**Activity**
Across the entries below, the lines containing "color" should be counted and only their number returned.

**Records excerpted from a collection**
☆ ☆ ☆ ☆
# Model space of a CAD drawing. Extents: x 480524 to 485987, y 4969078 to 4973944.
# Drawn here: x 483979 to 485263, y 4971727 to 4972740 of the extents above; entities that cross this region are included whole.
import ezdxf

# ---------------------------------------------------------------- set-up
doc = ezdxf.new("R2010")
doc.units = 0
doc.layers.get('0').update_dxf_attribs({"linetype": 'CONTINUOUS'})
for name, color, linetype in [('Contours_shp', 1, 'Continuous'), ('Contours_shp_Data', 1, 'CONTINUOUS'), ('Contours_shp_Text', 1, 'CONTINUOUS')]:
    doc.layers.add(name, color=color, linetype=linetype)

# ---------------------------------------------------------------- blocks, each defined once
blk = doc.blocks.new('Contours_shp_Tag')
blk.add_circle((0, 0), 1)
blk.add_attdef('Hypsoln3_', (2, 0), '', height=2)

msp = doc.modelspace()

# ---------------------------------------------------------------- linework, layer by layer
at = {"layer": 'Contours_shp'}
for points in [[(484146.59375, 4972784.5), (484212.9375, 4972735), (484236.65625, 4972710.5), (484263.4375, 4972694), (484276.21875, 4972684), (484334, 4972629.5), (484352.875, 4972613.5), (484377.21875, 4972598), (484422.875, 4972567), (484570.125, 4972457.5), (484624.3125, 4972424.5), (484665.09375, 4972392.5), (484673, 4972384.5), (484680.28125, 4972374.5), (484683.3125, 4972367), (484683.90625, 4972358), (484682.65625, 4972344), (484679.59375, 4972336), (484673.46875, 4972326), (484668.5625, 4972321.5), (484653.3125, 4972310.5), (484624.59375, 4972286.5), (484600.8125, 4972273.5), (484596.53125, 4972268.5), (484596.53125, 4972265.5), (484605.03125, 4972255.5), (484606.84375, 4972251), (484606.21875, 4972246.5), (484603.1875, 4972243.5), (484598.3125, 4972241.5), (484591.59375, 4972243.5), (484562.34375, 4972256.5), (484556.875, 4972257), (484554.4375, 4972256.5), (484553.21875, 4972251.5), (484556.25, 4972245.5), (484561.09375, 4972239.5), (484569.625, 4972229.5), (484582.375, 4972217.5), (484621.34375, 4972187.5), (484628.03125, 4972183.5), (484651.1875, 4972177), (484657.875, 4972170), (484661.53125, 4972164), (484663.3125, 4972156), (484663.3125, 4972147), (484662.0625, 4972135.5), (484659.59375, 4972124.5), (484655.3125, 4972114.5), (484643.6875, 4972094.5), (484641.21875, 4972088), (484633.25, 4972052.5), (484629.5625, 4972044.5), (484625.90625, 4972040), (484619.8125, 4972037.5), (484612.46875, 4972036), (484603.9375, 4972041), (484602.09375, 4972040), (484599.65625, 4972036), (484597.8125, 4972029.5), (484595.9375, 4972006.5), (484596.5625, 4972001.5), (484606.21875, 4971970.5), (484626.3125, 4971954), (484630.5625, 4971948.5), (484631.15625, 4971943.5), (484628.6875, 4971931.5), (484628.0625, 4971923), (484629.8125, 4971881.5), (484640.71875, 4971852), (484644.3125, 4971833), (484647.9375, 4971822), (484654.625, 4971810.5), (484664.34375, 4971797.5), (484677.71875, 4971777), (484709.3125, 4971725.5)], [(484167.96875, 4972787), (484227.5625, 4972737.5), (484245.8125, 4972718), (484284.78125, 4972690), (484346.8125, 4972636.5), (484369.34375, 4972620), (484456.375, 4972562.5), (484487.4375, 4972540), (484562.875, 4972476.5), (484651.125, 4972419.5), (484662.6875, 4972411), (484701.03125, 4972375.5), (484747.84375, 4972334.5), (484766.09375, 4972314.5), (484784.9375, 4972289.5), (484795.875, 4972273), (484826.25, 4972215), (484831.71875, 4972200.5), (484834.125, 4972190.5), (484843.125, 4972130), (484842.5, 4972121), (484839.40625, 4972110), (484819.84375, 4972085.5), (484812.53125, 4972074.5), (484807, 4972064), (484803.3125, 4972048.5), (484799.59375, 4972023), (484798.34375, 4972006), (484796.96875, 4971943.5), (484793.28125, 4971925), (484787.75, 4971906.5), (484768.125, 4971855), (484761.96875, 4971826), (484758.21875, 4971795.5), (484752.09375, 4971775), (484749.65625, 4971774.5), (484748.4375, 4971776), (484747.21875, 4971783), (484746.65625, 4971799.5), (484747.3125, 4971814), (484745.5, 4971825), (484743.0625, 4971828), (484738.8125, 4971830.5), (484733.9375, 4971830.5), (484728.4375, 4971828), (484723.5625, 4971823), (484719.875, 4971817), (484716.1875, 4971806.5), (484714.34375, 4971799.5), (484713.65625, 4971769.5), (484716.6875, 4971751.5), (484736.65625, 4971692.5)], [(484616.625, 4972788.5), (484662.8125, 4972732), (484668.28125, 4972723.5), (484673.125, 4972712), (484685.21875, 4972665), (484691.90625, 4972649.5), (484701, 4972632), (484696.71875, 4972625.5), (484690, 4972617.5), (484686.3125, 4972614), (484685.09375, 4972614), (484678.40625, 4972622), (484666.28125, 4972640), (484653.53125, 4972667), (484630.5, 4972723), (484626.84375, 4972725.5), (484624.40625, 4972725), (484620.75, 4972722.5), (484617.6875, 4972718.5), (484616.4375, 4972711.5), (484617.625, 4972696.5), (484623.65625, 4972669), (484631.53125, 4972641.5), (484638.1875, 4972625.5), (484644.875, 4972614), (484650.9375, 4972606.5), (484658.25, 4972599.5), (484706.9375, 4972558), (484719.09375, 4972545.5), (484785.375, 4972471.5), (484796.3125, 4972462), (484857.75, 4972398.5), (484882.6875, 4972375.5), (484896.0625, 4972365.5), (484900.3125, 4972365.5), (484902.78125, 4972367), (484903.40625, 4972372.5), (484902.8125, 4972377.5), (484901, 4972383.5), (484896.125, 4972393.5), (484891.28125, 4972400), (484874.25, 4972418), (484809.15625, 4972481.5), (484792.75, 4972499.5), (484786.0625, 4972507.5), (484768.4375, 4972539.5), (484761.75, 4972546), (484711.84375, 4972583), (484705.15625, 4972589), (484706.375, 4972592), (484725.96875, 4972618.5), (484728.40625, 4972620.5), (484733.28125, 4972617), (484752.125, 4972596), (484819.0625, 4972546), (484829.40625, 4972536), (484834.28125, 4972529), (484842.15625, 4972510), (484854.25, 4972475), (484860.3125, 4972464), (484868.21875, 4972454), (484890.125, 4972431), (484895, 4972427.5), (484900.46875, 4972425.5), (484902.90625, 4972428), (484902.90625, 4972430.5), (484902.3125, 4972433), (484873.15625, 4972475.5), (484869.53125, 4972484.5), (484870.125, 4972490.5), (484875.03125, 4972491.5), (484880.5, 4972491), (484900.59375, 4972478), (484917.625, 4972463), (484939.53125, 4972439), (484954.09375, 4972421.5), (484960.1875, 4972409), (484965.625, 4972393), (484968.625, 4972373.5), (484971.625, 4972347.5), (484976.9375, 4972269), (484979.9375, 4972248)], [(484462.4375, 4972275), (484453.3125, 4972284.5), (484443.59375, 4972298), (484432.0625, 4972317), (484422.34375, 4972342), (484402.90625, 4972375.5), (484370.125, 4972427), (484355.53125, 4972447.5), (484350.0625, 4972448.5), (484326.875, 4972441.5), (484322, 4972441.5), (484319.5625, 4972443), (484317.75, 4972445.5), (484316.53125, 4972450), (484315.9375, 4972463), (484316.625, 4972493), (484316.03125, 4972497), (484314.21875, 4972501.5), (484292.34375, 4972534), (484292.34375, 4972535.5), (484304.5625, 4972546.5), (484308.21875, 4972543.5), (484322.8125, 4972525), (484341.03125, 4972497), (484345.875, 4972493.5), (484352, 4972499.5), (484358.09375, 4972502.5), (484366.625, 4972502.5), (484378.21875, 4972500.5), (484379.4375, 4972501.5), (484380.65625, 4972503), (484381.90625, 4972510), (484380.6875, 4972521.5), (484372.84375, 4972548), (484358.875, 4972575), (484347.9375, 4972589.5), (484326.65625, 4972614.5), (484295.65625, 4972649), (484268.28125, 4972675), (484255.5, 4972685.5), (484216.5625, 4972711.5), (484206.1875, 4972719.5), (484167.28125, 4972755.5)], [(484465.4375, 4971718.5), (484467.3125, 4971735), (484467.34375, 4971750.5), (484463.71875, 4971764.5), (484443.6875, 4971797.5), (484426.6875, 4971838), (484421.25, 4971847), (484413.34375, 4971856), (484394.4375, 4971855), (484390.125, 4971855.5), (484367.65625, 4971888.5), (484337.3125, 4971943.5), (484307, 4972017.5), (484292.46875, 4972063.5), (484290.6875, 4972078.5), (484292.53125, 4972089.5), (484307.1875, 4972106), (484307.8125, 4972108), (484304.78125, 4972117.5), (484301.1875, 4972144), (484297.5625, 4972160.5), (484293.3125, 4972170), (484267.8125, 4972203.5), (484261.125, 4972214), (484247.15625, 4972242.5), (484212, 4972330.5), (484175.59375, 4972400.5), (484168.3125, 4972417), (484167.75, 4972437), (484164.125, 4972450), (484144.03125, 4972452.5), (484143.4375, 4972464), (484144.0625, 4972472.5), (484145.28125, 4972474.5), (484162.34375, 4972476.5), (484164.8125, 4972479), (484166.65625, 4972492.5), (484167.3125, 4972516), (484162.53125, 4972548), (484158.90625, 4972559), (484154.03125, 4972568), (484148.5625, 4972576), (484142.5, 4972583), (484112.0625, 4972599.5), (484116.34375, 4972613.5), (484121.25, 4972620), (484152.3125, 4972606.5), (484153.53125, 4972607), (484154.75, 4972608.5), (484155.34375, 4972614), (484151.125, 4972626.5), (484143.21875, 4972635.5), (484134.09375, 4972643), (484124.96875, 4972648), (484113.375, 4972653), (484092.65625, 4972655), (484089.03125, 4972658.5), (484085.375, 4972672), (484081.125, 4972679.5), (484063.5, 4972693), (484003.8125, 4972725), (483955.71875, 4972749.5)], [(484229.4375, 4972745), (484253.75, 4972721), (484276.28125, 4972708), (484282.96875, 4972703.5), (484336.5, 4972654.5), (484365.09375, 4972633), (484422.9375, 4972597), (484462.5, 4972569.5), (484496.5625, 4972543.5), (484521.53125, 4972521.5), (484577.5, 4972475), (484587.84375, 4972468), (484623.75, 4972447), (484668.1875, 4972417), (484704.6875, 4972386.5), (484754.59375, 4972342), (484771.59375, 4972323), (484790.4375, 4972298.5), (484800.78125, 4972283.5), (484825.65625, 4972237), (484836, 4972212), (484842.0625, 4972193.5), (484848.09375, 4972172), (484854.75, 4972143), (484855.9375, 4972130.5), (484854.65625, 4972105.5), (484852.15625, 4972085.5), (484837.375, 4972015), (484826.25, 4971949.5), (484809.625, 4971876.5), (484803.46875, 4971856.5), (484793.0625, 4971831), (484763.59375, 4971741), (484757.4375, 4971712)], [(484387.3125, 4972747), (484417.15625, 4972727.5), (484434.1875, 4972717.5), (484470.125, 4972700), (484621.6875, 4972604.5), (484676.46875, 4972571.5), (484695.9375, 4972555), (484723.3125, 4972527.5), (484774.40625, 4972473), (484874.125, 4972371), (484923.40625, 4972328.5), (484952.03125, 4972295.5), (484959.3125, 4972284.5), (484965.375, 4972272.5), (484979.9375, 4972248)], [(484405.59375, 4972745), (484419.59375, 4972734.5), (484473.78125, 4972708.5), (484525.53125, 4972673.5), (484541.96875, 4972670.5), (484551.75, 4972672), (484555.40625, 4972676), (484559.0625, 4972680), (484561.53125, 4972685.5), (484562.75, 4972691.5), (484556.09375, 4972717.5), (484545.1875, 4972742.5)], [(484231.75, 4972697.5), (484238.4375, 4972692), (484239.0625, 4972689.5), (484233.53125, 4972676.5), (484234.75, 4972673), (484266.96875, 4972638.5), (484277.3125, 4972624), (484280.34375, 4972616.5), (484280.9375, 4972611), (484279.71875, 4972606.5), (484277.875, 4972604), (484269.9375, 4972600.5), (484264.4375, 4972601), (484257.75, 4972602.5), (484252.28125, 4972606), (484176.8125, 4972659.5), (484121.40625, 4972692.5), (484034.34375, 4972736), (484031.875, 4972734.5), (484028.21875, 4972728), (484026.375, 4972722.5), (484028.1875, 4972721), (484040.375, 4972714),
☆ ☆ ☆ ☆
**Expected answer**
2